**Exercise details:** Scan the records below, and wherever a line has the word "BuildSketch", pull it out.

**Entries shown:**
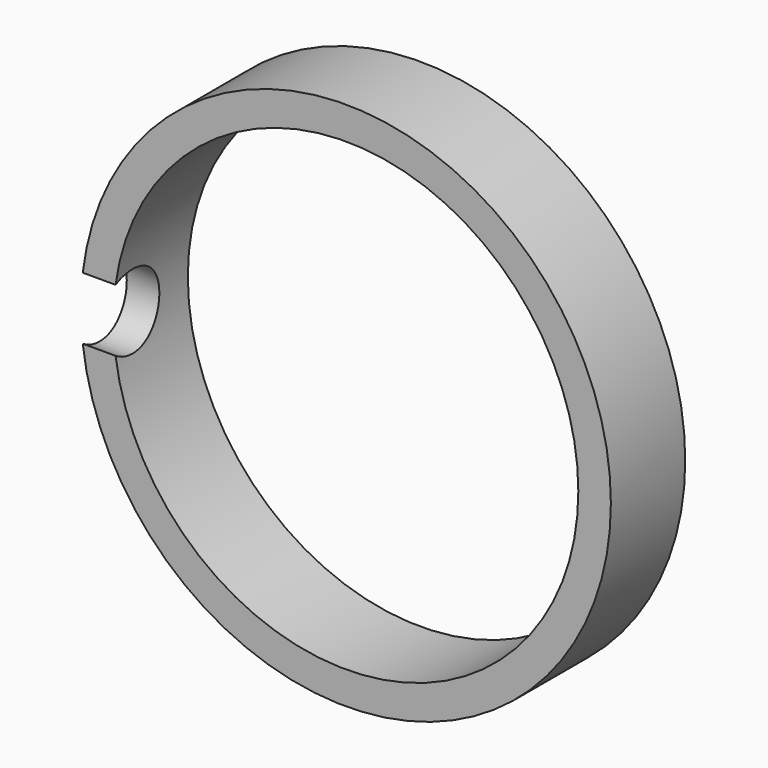
from build123d import *

# Parameters (mm, degrees)
F0_R     = 28.5
F0_R_2   = 25
F1_DEPTH = 10
F3_D     = 8
F3_DEPTH = 28.501


with BuildPart() as f1:
    # F0 (on Front) → F1 (new body)
    with BuildSketch(Plane.XZ):
        Circle(F0_R)
        Circle(F0_R_2, mode=Mode.SUBTRACT)
    extrude(amount=F1_DEPTH)

    # F3 (through all, one way)
    with BuildSketch(Plane.YZ):
        with Locations((-7.8321313486, 0)):
            Circle(F3_D / 2)
    extrude(amount=-F3_DEPTH, mode=Mode.SUBTRACT)


solid = f1.part

**Answer box:**
    with BuildSketch(Plane.XZ):
    with BuildSketch(Plane.YZ):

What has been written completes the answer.